Exclude the pictures and retype the entries as written.

Task input START

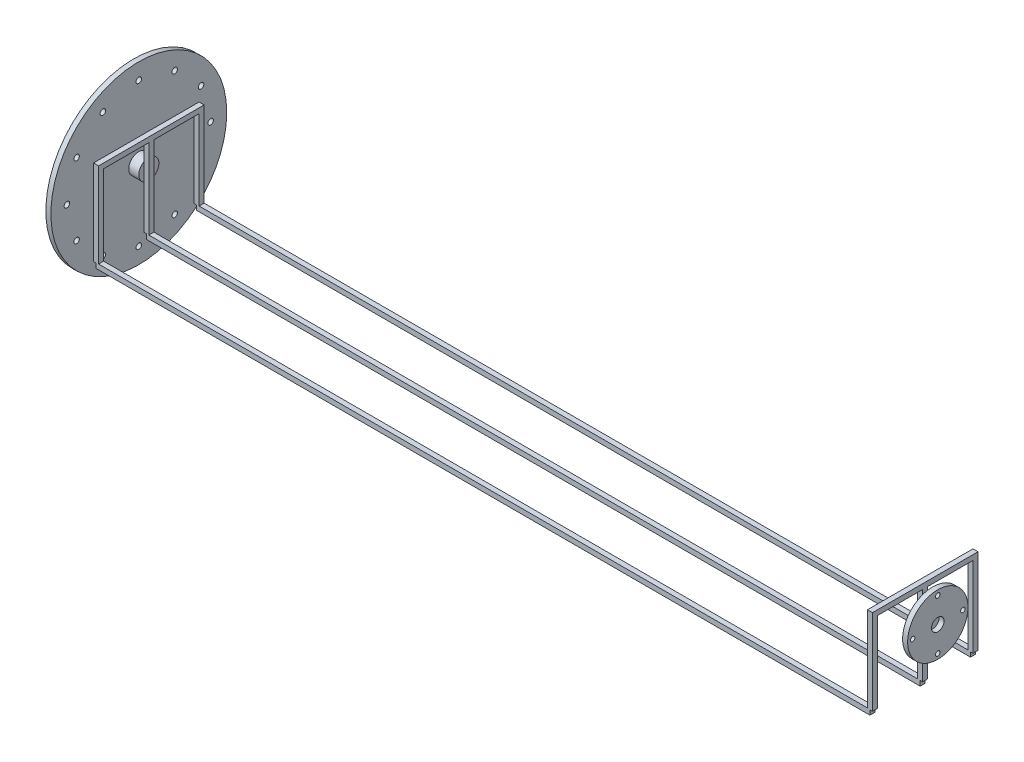
SolidWorks part; units mm, degrees
ref_plane "前视基准面" through (0, 0, 0) normal (0, 0, 1) x (1, 0, 0)
ref_plane "上视基准面" through (0, 0, 0) normal (0, 1, 0) x (1, 0, 0)
ref_plane "右视基准面" through (0, 0, 0) normal (1, 0, 0) x (0, 0, -1)
sketch "草图1" plane through (0, 0, 0) normal (1, 0, 0) x (0, 0, -1)
  line L0 (0, 0) -> (-227.1212, 0) construction
  circle A0 centre (0, 0) radius 175
  circle A1 centre (0, 0) radius 143 construction
  circle A2 centre (-143, 0) radius 5.5
  circle A3 centre (-123.8416, 71.5) radius 5.5
  circle A4 centre (-71.5, 123.8416) radius 5.5
  circle A5 centre (0, 143) radius 5.5
  circle A6 centre (71.5, 123.8416) radius 5.5
  circle A7 centre (123.8416, 71.5) radius 5.5
  circle A8 centre (143, 0) radius 5.5
  circle A9 centre (123.8416, -71.5) radius 5.5
  circle A10 centre (71.5, -123.8416) radius 5.5
  circle A11 centre (0, -143) radius 5.5
  circle A12 centre (-71.5, -123.8416) radius 5.5
  circle A13 centre (-123.8416, -71.5) radius 5.5
  point P32 (0, 0)
  dimension "D1" = 350
  dimension "D2" = 286
  dimension "D3" = 11
  dimension "D4" = 12
extrude "凸台-拉伸1" add sketch "草图1" along normal blind 10
sketch "草图2" plane through (10, 0, 0) normal (1, 0, 0) x (0, 0, -1)
  circle A0 centre (0, 0) radius 20
  dimension "D1" = 40
extrude "凸台-拉伸2" add sketch "草图2" against normal blind 30
extrude "凸台-拉伸3" add sketch "草图2<2>" along normal blind 20
sketch "草图2<2>" plane through (10, 0, 0) normal (1, 0, 0) x (0, 0, -1) same geometry as "草图2"
sketch "草图3" plane through (30, 0, 0) normal (1, 0, 0) x (0, 0, -1)
  line L0 (0, 65.4776) -> (0, -103.7724)
extrude "拉伸-薄壁1" add sketch "草图3" along normal blind 10 thin thin type one direction wall 10
sketch "草图4" plane through (0, 0, 0) normal (0, 0, 1) x (1, 0, 0)
  line L0 (35, -103.7724) -> (1575, -103.7724)
  line L1 (40, -103.7724) -> (30, -103.7724) construction
  dimension "D1" = 1540
extrude "拉伸-薄壁2" add sketch "草图4" along normal blind 10 thin thin type one direction wall 10
pattern_linear "阵列(线性)1" count 2 spacing 1540 along (1, 0, 0) of "拉伸-薄壁1"
pattern_linear "阵列(线性)2" count 2 spacing 1560 along (1, 0, 0) of "凸台-拉伸3"
sketch "草图5" plane through (1590, 0, 0) normal (1, 0, 0) x (0, 0, -1)
  circle A0 centre (0, 0) radius 60
  dimension "D1" = 120
extrude "凸台-拉伸4" add sketch "草图5" along normal blind 10
sketch "草图6" plane through (1600, 0, 0) normal (1, 0, 0) x (0, 0, -1)
  line L0 (0, 21.51) -> (0, 83.9138) construction
  circle A0 centre (0, 0) radius 50 construction
  circle A1 centre (0, 50) radius 4.5
  circle A2 centre (50, 0) radius 4.5
  circle A3 centre (0, -50) radius 4.5
  circle A4 centre (-50, 0) radius 4.5
  point P17 (0, 0)
  dimension "D1" = 100
  dimension "D2" = 9
  dimension "D3" = 4
extrude "切除-拉伸2" cut sketch "草图6" against normal up to next
sketch "草图7" plane through (1600, 0, 0) normal (1, 0, 0) x (0, 0, -1)
  circle A0 centre (0, 0) radius 12.5
  dimension "D1" = 25
extrude "切除-拉伸3" cut sketch "草图7" against normal blind 10
sketch "草图8" plane through (30, 0, 0) normal (1, 0, 0) x (0, 0, -1)
  line L0 (-100, 65.4776) -> (100, 65.4776)
  line L1 (0, 95.6063) -> (0, 21.5451) construction
  dimension "D1" = 200
  dimension "D2" = 100
extrude "拉伸-薄壁3" add sketch "草图8" along normal blind 10 thin thin type one direction wall 10
pattern_linear "阵列(线性)4" count 2 spacing 1540 along (1, 0, 0) of "拉伸-薄壁3"
sketch "草图9" plane through (30, 0, 0) normal (1, 0, 0) x (0, 0, -1)
  line L0 (100, 65.4776) -> (100, -104.5224)
  dimension "D2" = 170
extrude "拉伸-薄壁4" add sketch "草图9" along normal blind 10 thin thin type one direction wall 10
pattern_linear "阵列(线性)6" count 2 spacing 100 along (0, 0, -1) of "拉伸-薄壁2"
pattern_linear "阵列(线性)7" count 2 spacing 1540 along (1, 0, 0) of "拉伸-薄壁4"
sketch "草图10" plane through (30, 0, 0) normal (1, 0, 0) x (0, 0, -1)
  line L0 (-100, 65.4776) -> (-100, -104.5224)
  dimension "D1" = 170
extrude "拉伸-薄壁5" add sketch "草图10" along normal blind 10 thin thin type one direction wall 10
pattern_linear "阵列(线性)8" count 2 spacing 100 along (0, 0, 1) of "拉伸-薄壁2"
pattern_linear "阵列(线性)9" count 2 spacing 1540 along (1, 0, 0) of "拉伸-薄壁5"

Task input END

#### [Expected output]
SolidWorks part; units mm, degrees
ref_plane "前视基准面" through (0, 0, 0) normal (0, 0, 1) x (1, 0, 0)
ref_plane "上视基准面" through (0, 0, 0) normal (0, 1, 0) x (1, 0, 0)
ref_plane "右视基准面" through (0, 0, 0) normal (1, 0, 0) x (0, 0, -1)
sketch "草图1" plane through (0, 0, 0) normal (1, 0, 0) x (0, 0, -1)
  line L0 (0, 0) -> (-227.1212, 0) construction
  circle A0 centre (0, 0) radius 175
  circle A1 centre (0, 0) radius 143 construction
  circle A2 centre (-143, 0) radius 5.5
  circle A3 centre (-123.8416, 71.5) radius 5.5
  circle A4 centre (-71.5, 123.8416) radius 5.5
  circle A5 centre (0, 143) radius 5.5
  circle A6 centre (71.5, 123.8416) radius 5.5
  circle A7 centre (123.8416, 71.5) radius 5.5
  circle A8 centre (143, 0) radius 5.5
  circle A9 centre (123.8416, -71.5) radius 5.5
  circle A10 centre (71.5, -123.8416) radius 5.5
  circle A11 centre (0, -143) radius 5.5
  circle A12 centre (-71.5, -123.8416) radius 5.5
  circle A13 centre (-123.8416, -71.5) radius 5.5
  point P32 (0, 0)
  dimension "D1" = 350
  dimension "D2" = 286
  dimension "D3" = 11
  dimension "D4" = 12
extrude "凸台-拉伸1" add sketch "草图1" along normal blind 10
sketch "草图2" plane through (10, 0, 0) normal (1, 0, 0) x (0, 0, -1)
  circle A0 centre (0, 0) radius 20
  dimension "D1" = 40
extrude "凸台-拉伸2" add sketch "草图2" against normal blind 30
extrude "凸台-拉伸3" add sketch "草图2<2>" along normal blind 20
sketch "草图2<2>" plane through (10, 0, 0) normal (1, 0, 0) x (0, 0, -1) same geometry as "草图2"
sketch "草图3" plane through (30, 0, 0) normal (1, 0, 0) x (0, 0, -1)
  line L0 (0, 65.4776) -> (0, -103.7724)
extrude "拉伸-薄壁1" add sketch "草图3" along normal blind 10 thin thin type one direction wall 10
sketch "草图4" plane through (0, 0, 0) normal (0, 0, 1) x (1, 0, 0)
  line L0 (35, -103.7724) -> (1575, -103.7724)
  line L1 (40, -103.7724) -> (30, -103.7724) construction
  dimension "D1" = 1540
extrude "拉伸-薄壁2" add sketch "草图4" along normal blind 10 thin thin type one direction wall 10
pattern_linear "阵列(线性)1" count 2 spacing 1540 along (1, 0, 0) of "拉伸-薄壁1"
pattern_linear "阵列(线性)2" count 2 spacing 1560 along (1, 0, 0) of "凸台-拉伸3"
sketch "草图5" plane through (1590, 0, 0) normal (1, 0, 0) x (0, 0, -1)
  circle A0 centre (0, 0) radius 60
  dimension "D1" = 120
extrude "凸台-拉伸4" add sketch "草图5" along normal blind 10
sketch "草图6" plane through (1600, 0, 0) normal (1, 0, 0) x (0, 0, -1)
  line L0 (0, 21.51) -> (0, 83.9138) construction
  circle A0 centre (0, 0) radius 50 construction
  circle A1 centre (0, 50) radius 4.5
  circle A2 centre (50, 0) radius 4.5
  circle A3 centre (0, -50) radius 4.5
  circle A4 centre (-50, 0) radius 4.5
  point P17 (0, 0)
  dimension "D1" = 100
  dimension "D2" = 9
  dimension "D3" = 4
extrude "切除-拉伸2" cut sketch "草图6" against normal up to next
sketch "草图7" plane through (1600, 0, 0) normal (1, 0, 0) x (0, 0, -1)
  circle A0 centre (0, 0) radius 12.5
  dimension "D1" = 25
extrude "切除-拉伸3" cut sketch "草图7" against normal blind 10
sketch "草图8" plane through (30, 0, 0) normal (1, 0, 0) x (0, 0, -1)
  line L0 (-100, 65.4776) -> (100, 65.4776)
  line L1 (0, 95.6063) -> (0, 21.5451) construction
  dimension "D1" = 200
  dimension "D2" = 100
extrude "拉伸-薄壁3" add sketch "草图8" along normal blind 10 thin thin type one direction wall 10
pattern_linear "阵列(线性)4" count 2 spacing 1540 along (1, 0, 0) of "拉伸-薄壁3"
sketch "草图9" plane through (30, 0, 0) normal (1, 0, 0) x (0, 0, -1)
  line L0 (100, 65.4776) -> (100, -104.5224)
  dimension "D2" = 170
extrude "拉伸-薄壁4" add sketch "草图9" along normal blind 10 thin thin type one direction wall 10
pattern_linear "阵列(线性)6" count 2 spacing 100 along (0, 0, -1) of "拉伸-薄壁2"
pattern_linear "阵列(线性)7" count 2 spacing 1540 along (1, 0, 0) of "拉伸-薄壁4"
sketch "草图10" plane through (30, 0, 0) normal (1, 0, 0) x (0, 0, -1)
  line L0 (-100, 65.4776) -> (-100, -104.5224)
  dimension "D1" = 170
extrude "拉伸-薄壁5" add sketch "草图10" along normal blind 10 thin thin type one direction wall 10
pattern_linear "阵列(线性)8" count 2 spacing 100 along (0, 0, 1) of "拉伸-薄壁2"
pattern_linear "阵列(线性)9" count 2 spacing 1540 along (1, 0, 0) of "拉伸-薄壁5"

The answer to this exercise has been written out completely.